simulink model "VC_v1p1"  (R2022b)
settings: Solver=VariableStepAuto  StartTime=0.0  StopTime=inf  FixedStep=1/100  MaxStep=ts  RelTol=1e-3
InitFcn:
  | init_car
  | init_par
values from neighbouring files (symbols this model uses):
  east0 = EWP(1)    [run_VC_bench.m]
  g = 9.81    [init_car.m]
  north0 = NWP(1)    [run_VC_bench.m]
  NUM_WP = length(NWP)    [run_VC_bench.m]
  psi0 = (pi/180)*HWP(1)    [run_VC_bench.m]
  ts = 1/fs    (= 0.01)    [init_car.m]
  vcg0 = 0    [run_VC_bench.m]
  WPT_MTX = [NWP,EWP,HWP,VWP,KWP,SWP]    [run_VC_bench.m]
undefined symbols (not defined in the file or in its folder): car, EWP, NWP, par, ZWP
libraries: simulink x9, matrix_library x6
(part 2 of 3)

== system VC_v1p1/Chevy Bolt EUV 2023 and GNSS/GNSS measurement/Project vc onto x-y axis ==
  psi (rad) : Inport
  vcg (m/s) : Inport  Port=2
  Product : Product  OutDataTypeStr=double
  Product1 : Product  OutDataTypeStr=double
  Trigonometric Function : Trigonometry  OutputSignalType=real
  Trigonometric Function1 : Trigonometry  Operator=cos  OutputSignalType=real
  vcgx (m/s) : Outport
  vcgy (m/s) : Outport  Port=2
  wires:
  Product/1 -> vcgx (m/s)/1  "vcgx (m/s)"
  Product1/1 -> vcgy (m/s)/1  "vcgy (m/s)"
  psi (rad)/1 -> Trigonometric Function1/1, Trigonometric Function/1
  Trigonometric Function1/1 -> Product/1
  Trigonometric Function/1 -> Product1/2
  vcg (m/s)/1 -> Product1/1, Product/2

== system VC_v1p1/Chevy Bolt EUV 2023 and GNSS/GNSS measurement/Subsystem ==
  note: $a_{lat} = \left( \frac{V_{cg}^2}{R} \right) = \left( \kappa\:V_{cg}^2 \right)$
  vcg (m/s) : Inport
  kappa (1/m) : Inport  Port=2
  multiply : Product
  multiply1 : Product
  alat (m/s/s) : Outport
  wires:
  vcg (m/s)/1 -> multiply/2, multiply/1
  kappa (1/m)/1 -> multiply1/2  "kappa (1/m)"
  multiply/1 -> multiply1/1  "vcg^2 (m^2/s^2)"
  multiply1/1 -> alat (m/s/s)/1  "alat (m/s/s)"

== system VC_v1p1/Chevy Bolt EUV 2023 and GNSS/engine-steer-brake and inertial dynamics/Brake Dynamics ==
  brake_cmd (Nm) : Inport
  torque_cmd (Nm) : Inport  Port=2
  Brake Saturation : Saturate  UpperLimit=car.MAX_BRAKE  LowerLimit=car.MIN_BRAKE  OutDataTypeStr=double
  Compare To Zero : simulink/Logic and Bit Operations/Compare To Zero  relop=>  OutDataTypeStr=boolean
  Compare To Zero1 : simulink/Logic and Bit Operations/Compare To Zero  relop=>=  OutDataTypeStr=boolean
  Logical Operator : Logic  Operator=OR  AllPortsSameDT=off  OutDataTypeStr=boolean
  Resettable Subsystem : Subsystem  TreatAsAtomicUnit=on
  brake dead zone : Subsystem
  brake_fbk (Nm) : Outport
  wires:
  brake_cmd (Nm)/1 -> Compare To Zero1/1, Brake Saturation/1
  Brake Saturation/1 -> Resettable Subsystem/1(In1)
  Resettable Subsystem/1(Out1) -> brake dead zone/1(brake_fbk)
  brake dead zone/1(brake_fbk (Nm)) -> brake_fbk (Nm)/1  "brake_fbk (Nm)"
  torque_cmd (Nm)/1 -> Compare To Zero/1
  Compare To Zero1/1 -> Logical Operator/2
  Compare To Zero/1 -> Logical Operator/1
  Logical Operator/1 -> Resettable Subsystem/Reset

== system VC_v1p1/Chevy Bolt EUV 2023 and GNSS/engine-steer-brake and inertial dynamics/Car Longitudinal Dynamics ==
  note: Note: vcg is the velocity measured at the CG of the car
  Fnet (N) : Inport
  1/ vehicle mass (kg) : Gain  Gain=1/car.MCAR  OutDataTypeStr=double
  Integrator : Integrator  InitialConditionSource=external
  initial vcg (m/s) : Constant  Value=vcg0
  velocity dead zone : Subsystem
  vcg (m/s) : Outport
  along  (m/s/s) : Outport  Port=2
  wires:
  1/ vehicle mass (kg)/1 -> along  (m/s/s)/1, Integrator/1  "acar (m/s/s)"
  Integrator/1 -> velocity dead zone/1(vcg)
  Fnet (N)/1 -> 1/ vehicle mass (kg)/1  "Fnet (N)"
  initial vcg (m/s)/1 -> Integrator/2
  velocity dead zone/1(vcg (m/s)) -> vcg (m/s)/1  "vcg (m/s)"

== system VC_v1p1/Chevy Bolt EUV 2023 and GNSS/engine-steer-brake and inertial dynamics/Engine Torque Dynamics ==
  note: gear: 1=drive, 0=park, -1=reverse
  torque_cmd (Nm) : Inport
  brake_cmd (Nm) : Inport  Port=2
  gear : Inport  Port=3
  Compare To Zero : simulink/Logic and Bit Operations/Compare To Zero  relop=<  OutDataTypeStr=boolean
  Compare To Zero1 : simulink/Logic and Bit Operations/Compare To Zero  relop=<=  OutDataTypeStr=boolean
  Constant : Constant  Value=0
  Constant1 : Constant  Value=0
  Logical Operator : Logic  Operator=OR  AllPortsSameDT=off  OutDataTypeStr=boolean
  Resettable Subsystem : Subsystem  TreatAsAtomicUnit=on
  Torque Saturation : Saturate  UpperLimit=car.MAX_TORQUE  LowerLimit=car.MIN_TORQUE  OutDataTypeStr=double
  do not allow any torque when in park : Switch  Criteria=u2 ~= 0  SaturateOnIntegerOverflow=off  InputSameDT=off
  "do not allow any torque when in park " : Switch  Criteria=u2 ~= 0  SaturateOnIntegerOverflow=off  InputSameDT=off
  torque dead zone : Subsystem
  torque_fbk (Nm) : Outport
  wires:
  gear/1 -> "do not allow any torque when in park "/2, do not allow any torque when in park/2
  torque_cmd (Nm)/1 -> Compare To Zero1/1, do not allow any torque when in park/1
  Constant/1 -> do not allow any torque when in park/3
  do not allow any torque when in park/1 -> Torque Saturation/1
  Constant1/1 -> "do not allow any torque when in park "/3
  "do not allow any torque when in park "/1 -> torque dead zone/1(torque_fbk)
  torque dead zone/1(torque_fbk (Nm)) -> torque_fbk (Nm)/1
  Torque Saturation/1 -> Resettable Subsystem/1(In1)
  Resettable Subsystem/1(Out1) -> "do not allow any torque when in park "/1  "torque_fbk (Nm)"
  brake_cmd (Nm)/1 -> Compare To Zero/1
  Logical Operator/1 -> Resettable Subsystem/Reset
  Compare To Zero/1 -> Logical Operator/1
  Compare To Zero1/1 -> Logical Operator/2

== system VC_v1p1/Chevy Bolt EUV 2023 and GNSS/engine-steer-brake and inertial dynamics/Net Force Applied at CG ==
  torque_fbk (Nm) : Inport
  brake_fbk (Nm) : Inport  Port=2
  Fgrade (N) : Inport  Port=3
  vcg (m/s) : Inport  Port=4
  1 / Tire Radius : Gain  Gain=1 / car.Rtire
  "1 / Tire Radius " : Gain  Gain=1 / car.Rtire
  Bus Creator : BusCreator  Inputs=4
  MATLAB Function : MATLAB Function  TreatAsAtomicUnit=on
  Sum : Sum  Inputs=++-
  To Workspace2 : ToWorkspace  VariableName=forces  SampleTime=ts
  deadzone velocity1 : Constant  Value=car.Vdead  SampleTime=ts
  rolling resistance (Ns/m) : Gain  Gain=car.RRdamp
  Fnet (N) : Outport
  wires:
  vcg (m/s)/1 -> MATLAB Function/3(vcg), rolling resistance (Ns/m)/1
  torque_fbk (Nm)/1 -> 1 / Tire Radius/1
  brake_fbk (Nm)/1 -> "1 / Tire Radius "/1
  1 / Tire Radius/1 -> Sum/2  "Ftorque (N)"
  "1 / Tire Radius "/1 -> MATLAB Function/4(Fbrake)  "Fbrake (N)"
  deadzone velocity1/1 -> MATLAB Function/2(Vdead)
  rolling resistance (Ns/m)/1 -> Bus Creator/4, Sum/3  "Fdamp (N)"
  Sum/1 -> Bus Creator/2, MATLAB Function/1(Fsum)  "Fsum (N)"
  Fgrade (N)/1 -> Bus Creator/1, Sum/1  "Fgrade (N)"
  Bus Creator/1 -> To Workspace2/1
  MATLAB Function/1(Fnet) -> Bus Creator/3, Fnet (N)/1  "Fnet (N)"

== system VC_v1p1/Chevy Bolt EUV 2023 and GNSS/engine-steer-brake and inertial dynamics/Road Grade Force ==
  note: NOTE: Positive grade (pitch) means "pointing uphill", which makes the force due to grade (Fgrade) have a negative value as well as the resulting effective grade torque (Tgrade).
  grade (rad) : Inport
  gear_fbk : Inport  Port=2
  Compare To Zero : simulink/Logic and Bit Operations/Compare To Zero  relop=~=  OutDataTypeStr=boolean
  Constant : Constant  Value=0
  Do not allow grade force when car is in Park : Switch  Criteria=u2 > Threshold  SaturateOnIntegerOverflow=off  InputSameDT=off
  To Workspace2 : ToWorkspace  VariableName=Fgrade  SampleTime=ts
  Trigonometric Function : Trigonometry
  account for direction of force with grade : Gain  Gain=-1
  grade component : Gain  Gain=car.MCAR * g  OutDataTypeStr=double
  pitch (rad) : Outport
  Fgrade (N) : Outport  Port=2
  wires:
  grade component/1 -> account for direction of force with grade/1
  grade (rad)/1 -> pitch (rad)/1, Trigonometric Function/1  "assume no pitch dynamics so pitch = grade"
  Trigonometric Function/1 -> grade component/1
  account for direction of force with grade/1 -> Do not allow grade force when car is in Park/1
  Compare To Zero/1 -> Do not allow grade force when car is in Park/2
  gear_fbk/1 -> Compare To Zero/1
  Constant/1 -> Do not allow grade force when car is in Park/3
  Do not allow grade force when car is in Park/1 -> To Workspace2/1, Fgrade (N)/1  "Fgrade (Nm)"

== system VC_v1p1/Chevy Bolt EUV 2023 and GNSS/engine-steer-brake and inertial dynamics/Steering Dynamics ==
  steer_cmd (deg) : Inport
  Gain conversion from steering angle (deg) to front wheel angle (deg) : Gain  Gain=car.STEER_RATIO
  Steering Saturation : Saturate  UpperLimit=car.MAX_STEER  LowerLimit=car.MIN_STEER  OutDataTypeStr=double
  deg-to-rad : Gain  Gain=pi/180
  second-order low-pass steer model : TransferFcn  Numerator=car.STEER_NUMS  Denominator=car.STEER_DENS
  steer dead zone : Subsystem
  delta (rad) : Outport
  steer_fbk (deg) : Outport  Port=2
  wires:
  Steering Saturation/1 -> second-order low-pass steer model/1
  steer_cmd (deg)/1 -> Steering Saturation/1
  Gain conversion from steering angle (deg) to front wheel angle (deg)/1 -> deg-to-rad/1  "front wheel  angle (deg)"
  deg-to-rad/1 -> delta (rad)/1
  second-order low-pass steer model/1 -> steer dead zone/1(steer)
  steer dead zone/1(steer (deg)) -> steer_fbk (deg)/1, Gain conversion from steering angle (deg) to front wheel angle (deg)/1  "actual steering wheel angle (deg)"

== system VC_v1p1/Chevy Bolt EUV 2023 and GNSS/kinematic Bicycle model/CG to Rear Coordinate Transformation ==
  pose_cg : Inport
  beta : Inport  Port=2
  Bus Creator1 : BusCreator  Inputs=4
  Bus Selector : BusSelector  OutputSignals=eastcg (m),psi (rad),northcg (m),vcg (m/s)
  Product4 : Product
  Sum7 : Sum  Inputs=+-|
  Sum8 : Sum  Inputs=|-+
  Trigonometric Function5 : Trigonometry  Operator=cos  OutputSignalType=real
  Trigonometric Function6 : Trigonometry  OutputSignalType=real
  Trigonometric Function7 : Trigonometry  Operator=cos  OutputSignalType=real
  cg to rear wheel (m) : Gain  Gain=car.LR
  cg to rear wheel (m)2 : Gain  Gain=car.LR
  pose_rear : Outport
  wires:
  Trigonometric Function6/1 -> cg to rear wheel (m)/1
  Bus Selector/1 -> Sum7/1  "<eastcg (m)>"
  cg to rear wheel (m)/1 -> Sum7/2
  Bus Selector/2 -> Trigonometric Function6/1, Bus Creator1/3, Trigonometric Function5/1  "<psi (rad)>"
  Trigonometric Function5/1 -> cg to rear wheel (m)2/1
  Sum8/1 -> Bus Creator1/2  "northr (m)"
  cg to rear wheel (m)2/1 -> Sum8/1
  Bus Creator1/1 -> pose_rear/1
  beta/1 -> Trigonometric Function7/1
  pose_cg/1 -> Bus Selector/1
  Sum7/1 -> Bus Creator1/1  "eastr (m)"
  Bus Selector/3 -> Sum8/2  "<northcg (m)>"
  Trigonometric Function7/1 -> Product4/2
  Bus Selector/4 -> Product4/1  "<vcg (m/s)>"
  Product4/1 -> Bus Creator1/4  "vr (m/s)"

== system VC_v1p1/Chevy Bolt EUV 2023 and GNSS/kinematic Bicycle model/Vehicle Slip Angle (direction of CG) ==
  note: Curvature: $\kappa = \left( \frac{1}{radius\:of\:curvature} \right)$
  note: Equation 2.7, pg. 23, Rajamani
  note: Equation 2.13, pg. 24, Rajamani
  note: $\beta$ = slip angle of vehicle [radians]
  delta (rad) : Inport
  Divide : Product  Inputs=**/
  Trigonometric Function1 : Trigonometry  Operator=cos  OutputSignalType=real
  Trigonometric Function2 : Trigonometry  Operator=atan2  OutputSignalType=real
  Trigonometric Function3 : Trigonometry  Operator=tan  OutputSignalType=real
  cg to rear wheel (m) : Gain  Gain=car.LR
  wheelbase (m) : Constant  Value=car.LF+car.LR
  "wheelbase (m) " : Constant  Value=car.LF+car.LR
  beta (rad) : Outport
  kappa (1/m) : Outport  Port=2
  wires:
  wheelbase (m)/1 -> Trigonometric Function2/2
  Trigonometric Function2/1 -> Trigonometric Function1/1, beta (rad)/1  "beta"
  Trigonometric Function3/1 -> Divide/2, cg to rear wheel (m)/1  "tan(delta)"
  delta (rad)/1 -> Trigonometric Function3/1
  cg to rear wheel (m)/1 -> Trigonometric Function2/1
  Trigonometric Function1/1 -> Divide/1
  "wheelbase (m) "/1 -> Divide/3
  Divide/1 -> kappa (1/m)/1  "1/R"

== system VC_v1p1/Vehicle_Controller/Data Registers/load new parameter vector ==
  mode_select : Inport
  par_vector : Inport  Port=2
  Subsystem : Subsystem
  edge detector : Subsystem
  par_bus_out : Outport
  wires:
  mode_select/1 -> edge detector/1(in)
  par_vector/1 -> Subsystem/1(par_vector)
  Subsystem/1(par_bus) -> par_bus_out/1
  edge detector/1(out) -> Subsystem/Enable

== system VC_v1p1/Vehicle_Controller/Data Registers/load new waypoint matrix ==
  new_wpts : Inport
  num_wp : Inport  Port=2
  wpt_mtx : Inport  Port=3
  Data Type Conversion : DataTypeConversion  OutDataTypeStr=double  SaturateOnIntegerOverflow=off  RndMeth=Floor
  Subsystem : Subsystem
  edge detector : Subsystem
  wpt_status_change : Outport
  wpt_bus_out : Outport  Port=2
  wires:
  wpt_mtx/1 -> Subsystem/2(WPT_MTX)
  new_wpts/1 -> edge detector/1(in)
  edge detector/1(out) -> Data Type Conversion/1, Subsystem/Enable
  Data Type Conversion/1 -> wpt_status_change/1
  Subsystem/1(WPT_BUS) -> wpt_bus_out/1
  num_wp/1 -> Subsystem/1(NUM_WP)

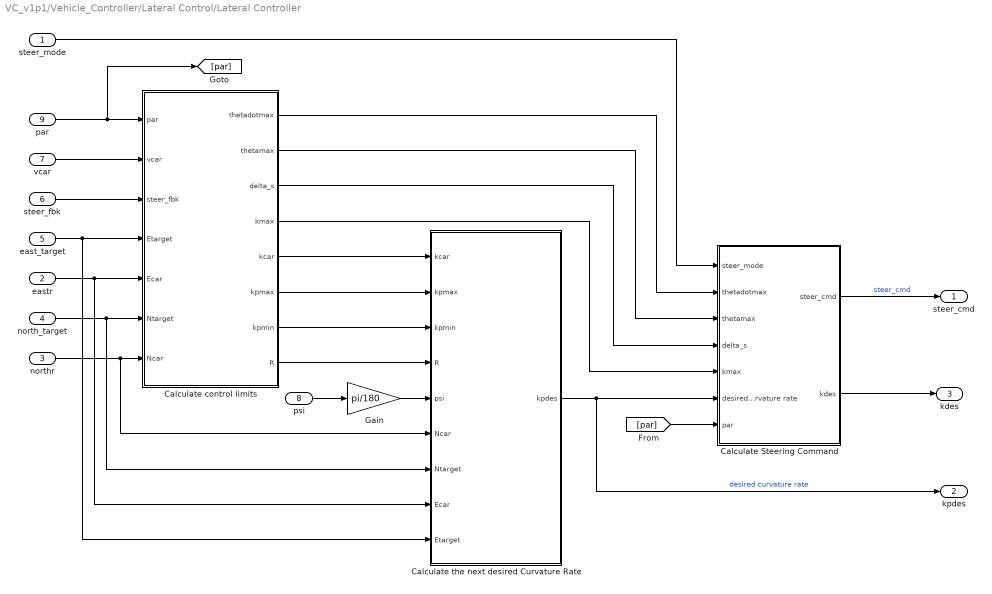
== system VC_v1p1/Vehicle_Controller/Lateral Control/Lateral Controller ==
  steer_mode : Inport
  eastr : Inport  Port=2
  northr : Inport  Port=3
  north_target : Inport  Port=4
  east_target : Inport  Port=5
  steer_fbk : Inport  Port=6
  vcar : Inport  Port=7
  psi : Inport  Port=8
  par : Inport  Port=9
  Calculate Steering Command : Subsystem
  Calculate control limits : Subsystem
  Calculate the next desired Curvature Rate : MATLAB Function  TreatAsAtomicUnit=on  SystemSampleTime=ts
  Gain : Gain  Gain=pi/180
  steer_cmd : Outport
  kpdes : Outport  Port=2
  kdes : Outport  Port=3
  wires:
  par/1 -> [par], Calculate control limits/1(par)
  psi/1 -> Gain/1
  vcar/1 -> Calculate control limits/2(vcar)
  steer_fbk/1 -> Calculate control limits/3(steer_fbk)
  Calculate control limits/5(kcar) -> Calculate the next desired Curvature Rate/1(kcar)
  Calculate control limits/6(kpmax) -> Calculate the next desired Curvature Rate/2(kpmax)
○ ○ ○ ○ ○ ○ ○
GOAL OF THE EXERCISE:
Check each line above for the string "pitch" and report how many lines have it, giving only the number.

EXERCISE RESPONSE:
3